For reanalysis data, we use the National Oceanic and Atmospheric Administration 20th Century Reanalysis Version 3 (20CRv3)²². Monthly mean, ensemble mean (of 80 ensemble members) 2m temperature data for 1836–2015 CE on a 1 degree spatial resolution were downloaded from https://psl.noaa.gov/data/gridded/data.20thC_ReanV3.html. This reanalysis assimilates surface pressure observations only, with sea surface temperature and sea ice reconstructions as boundary conditions. We use the years 1851–2015 CE (1980 months) for training purposes and leave out the years 1836–1850 for independent evaluation. 20CRv3 was found to represent global climate variability in terms of magnitude, timing and spatial precision, with substantial improvements over previous versions⁴⁷. 2m temperature is among the most skilful variables in the data set, and as such we assume a realistic representation of near surface temperature inter-continental correlations for the neural network to learn.
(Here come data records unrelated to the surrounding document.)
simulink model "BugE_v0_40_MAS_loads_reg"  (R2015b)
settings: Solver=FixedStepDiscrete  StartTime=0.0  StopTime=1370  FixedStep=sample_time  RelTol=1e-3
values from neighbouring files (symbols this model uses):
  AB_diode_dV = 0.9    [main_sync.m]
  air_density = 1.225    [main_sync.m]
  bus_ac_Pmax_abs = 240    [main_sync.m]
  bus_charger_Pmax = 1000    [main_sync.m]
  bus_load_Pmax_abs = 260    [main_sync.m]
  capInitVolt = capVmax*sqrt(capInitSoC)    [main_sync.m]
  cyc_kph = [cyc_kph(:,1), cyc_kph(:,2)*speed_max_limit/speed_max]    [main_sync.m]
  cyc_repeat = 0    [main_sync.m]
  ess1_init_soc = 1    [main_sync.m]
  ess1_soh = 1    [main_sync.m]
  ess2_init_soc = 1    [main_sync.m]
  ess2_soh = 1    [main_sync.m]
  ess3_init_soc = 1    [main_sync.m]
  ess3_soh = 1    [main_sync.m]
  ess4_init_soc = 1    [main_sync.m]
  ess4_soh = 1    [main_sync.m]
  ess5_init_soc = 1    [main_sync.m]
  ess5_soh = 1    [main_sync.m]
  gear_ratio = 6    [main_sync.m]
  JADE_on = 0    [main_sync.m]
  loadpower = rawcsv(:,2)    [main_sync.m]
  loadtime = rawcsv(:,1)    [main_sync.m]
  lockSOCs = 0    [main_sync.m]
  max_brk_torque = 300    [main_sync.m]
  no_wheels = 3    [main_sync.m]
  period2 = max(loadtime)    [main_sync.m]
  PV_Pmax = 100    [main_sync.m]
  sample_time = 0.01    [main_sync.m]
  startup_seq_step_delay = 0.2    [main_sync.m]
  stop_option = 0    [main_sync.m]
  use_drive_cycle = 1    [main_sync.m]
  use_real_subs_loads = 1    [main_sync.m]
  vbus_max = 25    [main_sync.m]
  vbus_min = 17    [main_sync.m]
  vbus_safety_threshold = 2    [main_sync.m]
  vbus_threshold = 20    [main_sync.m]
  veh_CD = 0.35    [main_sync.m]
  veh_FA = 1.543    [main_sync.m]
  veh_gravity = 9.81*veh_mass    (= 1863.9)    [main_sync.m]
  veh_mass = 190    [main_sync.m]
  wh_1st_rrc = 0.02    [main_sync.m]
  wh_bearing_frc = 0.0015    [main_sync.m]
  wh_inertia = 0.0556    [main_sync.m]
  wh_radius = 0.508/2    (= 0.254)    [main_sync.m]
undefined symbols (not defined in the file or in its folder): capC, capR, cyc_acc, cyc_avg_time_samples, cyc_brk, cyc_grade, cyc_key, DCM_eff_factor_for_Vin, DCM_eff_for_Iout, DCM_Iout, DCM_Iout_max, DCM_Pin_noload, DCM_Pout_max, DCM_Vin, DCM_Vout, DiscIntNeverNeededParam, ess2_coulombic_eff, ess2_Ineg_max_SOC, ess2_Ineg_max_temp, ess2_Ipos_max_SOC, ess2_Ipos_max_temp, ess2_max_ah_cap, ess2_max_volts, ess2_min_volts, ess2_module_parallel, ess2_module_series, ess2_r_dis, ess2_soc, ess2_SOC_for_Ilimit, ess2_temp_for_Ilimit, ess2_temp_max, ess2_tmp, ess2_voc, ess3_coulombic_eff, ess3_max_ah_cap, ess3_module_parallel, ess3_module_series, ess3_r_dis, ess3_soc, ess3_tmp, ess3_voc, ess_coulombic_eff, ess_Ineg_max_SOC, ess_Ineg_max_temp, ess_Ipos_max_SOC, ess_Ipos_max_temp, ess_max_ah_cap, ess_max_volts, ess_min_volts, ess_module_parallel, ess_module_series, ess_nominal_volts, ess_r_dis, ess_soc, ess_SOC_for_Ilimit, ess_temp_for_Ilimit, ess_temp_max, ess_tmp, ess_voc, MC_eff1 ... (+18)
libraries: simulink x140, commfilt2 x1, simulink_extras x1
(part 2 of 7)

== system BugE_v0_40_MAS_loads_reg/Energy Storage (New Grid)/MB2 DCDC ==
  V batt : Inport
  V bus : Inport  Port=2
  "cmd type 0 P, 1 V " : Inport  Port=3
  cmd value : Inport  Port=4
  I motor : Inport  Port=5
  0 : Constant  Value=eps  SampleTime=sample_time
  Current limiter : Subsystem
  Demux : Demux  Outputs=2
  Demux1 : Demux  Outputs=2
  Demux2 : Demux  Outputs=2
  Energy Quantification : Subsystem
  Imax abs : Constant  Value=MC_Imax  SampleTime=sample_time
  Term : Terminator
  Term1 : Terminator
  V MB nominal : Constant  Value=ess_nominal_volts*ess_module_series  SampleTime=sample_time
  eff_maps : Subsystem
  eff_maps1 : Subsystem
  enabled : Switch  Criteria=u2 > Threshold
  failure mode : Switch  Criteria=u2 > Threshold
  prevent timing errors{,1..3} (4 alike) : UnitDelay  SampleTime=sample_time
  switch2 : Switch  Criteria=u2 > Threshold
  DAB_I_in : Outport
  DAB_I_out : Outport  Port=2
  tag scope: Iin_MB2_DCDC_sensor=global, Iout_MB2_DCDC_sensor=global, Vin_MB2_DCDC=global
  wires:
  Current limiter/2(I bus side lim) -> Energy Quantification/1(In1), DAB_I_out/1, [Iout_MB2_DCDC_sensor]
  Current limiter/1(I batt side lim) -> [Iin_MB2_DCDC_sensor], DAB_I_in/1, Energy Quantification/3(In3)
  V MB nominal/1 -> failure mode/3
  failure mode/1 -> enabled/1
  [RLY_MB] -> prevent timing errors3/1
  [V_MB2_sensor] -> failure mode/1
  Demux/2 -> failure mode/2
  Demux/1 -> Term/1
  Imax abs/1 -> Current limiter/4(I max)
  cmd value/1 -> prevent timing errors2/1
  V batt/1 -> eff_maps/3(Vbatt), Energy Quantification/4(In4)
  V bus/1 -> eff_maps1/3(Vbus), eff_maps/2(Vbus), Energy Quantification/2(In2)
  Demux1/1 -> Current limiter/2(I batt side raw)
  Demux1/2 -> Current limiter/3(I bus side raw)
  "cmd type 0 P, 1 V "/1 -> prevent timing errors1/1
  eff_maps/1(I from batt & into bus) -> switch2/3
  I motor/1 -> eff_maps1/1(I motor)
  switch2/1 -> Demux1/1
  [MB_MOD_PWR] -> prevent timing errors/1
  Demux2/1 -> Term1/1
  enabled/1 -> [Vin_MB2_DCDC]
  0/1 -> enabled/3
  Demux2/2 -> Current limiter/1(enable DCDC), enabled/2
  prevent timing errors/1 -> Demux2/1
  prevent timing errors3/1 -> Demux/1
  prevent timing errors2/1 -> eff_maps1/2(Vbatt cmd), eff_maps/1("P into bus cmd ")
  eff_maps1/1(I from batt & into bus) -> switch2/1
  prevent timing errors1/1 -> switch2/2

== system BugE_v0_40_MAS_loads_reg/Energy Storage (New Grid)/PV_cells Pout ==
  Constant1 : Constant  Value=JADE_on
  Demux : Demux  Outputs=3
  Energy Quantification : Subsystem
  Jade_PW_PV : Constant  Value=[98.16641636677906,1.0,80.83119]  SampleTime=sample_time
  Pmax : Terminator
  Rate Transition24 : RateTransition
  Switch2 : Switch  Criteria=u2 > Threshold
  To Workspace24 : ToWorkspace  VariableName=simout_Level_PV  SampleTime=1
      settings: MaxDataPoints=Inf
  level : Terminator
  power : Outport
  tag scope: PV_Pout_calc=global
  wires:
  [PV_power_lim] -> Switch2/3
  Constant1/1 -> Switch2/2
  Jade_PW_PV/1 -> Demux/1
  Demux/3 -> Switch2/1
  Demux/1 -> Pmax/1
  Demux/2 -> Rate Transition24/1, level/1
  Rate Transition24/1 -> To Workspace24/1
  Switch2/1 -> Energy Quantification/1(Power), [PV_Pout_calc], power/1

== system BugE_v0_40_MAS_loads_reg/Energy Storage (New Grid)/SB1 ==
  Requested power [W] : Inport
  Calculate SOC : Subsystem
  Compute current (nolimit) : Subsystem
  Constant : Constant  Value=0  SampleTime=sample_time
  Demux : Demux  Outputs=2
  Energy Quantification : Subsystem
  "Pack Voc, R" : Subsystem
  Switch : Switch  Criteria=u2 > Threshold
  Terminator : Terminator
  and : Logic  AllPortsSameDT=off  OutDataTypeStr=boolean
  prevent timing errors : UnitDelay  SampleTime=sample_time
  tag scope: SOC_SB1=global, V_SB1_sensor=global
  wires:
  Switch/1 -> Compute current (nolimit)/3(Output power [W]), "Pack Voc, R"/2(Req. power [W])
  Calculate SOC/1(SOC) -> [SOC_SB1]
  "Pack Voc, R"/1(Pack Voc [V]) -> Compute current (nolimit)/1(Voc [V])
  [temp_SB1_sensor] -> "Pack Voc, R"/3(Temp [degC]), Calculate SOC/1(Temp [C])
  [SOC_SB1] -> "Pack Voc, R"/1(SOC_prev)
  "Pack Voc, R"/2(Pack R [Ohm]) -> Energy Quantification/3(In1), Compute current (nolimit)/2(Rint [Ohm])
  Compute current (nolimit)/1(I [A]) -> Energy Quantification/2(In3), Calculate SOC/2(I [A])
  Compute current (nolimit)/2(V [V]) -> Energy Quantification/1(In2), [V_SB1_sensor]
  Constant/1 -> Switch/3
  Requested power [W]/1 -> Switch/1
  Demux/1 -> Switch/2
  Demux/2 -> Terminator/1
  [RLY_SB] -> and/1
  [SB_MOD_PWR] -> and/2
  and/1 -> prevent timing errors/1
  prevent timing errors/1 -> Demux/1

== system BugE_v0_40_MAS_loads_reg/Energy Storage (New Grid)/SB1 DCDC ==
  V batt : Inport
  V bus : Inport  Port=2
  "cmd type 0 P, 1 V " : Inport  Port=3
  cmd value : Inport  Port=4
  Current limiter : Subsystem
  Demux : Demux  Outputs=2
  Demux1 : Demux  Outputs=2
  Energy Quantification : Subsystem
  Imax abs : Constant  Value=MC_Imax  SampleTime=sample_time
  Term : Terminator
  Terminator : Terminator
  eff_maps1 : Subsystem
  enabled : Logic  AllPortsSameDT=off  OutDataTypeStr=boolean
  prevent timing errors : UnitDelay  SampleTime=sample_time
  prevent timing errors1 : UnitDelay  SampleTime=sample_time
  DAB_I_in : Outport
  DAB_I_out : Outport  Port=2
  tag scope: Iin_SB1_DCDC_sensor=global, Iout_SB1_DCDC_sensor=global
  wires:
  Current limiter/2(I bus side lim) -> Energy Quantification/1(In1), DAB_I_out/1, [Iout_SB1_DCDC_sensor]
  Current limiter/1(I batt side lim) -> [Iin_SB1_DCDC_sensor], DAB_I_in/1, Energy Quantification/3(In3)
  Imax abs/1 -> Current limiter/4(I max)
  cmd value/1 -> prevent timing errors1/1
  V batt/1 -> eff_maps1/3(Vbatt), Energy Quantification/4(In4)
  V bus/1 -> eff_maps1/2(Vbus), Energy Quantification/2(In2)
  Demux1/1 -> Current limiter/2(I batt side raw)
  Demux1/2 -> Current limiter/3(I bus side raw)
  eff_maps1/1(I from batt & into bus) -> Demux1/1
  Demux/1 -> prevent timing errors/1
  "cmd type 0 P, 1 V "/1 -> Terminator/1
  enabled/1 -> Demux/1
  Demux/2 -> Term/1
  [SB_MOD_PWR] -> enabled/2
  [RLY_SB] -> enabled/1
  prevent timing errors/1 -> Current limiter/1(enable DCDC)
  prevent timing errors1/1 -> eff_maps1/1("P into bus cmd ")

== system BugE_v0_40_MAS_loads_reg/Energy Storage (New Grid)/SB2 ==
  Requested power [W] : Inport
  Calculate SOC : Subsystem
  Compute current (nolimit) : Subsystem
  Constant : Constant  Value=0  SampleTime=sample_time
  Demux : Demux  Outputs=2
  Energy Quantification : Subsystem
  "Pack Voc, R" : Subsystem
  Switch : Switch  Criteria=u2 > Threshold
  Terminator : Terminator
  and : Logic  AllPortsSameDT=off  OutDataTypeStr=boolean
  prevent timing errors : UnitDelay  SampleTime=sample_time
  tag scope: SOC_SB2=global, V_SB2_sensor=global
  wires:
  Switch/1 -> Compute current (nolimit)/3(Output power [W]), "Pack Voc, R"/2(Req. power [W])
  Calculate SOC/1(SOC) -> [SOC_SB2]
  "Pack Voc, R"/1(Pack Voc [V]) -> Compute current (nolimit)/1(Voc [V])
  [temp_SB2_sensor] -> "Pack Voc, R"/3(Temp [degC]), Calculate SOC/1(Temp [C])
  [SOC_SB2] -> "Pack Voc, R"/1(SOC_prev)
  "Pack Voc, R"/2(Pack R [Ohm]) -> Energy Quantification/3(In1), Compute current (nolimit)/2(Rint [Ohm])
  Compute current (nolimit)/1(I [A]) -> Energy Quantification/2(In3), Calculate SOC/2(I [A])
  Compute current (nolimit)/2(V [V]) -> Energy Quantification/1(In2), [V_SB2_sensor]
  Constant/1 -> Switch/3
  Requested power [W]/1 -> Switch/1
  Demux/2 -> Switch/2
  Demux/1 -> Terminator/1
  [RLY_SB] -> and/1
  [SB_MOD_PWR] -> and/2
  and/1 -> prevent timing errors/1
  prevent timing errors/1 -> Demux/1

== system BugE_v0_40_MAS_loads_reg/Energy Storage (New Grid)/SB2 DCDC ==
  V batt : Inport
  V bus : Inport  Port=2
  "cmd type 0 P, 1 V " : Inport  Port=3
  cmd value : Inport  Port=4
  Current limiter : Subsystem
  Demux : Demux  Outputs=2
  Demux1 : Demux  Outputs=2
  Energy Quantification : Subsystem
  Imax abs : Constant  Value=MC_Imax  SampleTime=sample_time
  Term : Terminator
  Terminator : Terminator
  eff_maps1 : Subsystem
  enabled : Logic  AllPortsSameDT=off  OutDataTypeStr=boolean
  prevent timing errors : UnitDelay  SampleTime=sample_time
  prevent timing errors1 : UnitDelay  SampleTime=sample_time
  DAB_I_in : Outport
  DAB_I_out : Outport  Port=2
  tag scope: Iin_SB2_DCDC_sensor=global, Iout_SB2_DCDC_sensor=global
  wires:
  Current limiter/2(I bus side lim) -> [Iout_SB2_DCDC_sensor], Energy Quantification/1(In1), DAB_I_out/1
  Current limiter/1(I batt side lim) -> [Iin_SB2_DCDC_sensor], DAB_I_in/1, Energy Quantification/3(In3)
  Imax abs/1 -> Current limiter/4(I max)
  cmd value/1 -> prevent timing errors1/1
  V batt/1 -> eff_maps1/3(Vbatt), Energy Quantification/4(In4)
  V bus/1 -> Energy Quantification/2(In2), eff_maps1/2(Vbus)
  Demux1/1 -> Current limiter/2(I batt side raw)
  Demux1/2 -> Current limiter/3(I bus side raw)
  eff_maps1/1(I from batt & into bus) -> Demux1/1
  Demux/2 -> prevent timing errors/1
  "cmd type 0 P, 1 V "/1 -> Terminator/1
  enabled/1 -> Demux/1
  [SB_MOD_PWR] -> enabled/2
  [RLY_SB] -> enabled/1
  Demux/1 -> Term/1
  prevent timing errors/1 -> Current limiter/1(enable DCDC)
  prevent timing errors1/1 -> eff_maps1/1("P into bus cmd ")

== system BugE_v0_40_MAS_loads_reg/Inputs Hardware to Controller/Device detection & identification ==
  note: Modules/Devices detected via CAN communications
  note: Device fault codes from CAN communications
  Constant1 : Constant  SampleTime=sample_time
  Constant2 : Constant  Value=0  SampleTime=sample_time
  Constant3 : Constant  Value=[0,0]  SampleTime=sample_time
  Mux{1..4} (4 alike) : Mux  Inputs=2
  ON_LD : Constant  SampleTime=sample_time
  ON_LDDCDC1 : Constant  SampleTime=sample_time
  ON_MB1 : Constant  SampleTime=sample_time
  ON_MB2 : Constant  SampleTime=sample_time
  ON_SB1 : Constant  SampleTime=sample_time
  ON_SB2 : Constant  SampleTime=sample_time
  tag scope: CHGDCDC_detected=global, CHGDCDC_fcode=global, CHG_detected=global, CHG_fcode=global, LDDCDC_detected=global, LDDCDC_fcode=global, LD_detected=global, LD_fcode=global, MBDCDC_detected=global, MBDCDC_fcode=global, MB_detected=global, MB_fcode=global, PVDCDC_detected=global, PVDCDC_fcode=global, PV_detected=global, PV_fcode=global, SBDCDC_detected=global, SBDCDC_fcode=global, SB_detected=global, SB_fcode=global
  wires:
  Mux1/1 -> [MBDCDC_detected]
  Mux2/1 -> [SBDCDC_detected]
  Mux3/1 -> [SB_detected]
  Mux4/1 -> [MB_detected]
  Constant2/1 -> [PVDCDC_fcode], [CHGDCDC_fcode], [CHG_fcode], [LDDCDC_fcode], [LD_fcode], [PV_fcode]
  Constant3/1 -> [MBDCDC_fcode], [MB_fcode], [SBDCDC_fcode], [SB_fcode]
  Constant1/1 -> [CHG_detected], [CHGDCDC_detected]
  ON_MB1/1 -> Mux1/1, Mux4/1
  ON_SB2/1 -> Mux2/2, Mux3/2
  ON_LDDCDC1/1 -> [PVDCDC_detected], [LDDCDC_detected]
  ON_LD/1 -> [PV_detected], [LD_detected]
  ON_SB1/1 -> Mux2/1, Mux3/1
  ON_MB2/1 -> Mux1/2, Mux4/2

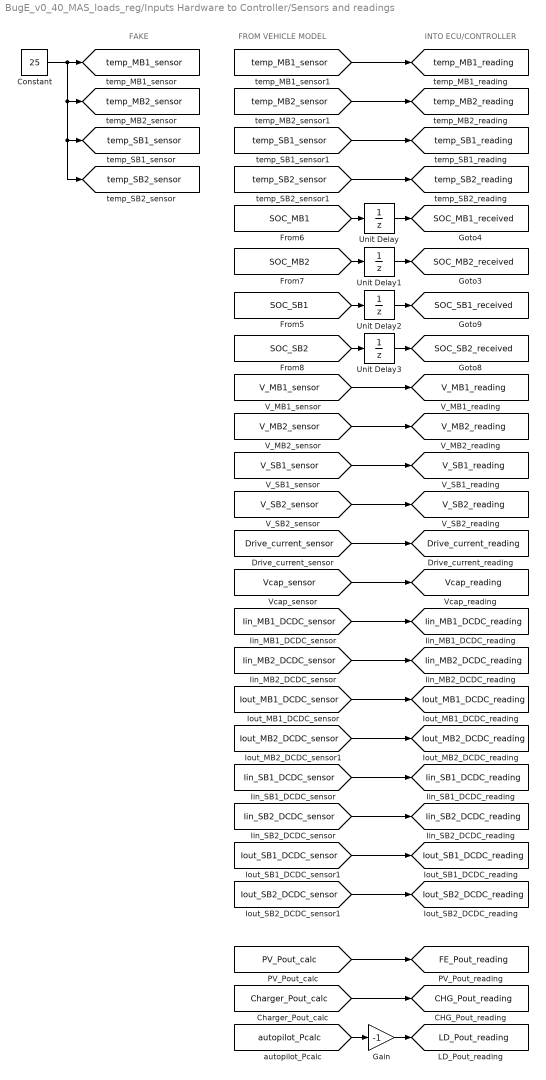
== system BugE_v0_40_MAS_loads_reg/Inputs Hardware to Controller/Sensors and readings ==
  note: FAKE
  note: FROM VEHICLE MODEL
  note: INTO ECU/CONTROLLER
  Constant : Constant  Value=25  SampleTime=sample_time
  Gain : Gain  Gain=-1
  Unit Delay{,1..3} (4 alike) : UnitDelay  InitialCondition=0.9  SampleTime=sample_time
  tag scope: CHG_Pout_reading=global, Drive_current_reading=global, FE_Pout_reading=global, Iin_MB1_DCDC_reading=global, Iin_MB2_DCDC_reading=global, Iin_SB1_DCDC_reading=global, Iin_SB2_DCDC_reading=global, Iout_MB1_DCDC_reading=global, Iout_MB2_DCDC_reading=global, Iout_SB1_DCDC_reading=global, Iout_SB2_DCDC_reading=global, LD_Pout_reading=global, SOC_MB1_received=global, SOC_MB2_received=global, SOC_SB1_received=global, SOC_SB2_received=global, V_MB1_reading=global, V_MB2_reading=global, V_SB1_reading=global, V_SB2_reading=global, Vcap_reading=global, temp_MB1_reading=global, temp_MB1_sensor=global, temp_MB2_reading=global, temp_MB2_sensor=global, temp_SB1_reading=global, temp_SB1_sensor=global, temp_SB2_reading=global, temp_SB2_sensor=global
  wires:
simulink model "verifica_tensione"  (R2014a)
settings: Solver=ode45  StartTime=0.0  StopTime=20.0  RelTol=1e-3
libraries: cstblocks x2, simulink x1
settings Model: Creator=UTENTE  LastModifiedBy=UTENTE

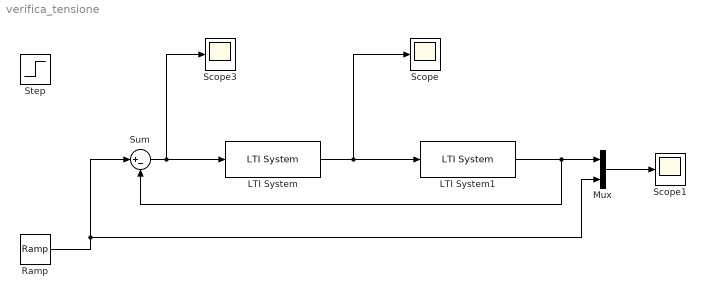
== system verifica_tensione ==
  LTI System : cstblocks/LTI System  sys=Cz1  IC=[]
  LTI System1 : cstblocks/LTI System  sys=Fz  IC=[]
  Mux : Mux  Inputs=2
  Ramp : simulink/Sources/Ramp  slope=1  start=0  X0=0
  Scope : Scope
  Scope1 : Scope
  Scope3 : Scope
      settings: SaveName=ScopeData3
  Step : Step  Time=0  SampleTime=0
  Sum : Sum  Inputs=|+-
  wires:
  Mux/1 -> Scope1/1
  Sum/1 -> Scope3/1, LTI System/1
  LTI System/1 -> Scope/1, LTI System1/1
  LTI System1/1 -> Sum/2, Mux/1
  Ramp/1 -> Mux/2, Sum/1

The second data set we use for training purposes is the Max Planck Institute for Meteorology Grand Ensemble (MPI-GE)³⁷. MPI-GE consists of 100 members of the well-tested MPI-ESM1.1⁴⁸ model, run on four different forcing scenarios, including a historical forcing (1850–2005 CE) as well as RCP2.6, RCP4.5, and RCP8.5 (2006–2099 CE). We only use the historical forcing ensemble data on a monthly resolution and download 2m temperature data on a T63 resolution from the DKRZ ESGF-CoG Node https://esgf-data.dkrz.de/search/mpi-ge/. MPI-GE was found to capture temperature variability skillfully⁴⁹. The total amount of available months for training in the historical forcing setup is N = 187,200. Out of this data pool, we randomly sub-sample the data to either 1980 or 20,000 months for our training routine.

The third data set we use for training purposes is the National Center for Atmospheric Research Community Earth System Model Last Millennium Ensemble (CESM-LME)³⁸. This data set consists of 36 last millennium simulations for 850–2005 CE from NCAR’s CESM − CAM5_CN general circulation model, 13 members including transient forcings (solar radiation, volcanic aerosols, greenhouse gases, land use/land cover conditions and orbital parameters). We downloaded monthly 2m temperature fields on a 1.9^∘ × 2.5^∘ spatial resolution for the 851-2005 CE period of the full-forcing CESM-LME at https://www.cesm.ucar.edu/projects/community-projects/LME/data-sets.html. This data set has been successfully used in a variety of studies trying to disentangle the contribution of internal and external climate variabilities⁵⁰. The total amount of available months for training in this forcing setup is N = 180,024. Out of this data pool, we randomly sub-sample the data to either 1980 or 20,000 months for our training routine.

For all training data sets, we calculate monthly 2m temperature anomalies with respect to the monthly climatology of 1951–1980 CE. We use bilinear interpolation to regrid all training data to the EKF400v2 grid, namely T63 with 1.875^∘ spatial resolution. We also utilize two-sided t-tests to assess the statistical significance of results shown in Figs. 2 and 3.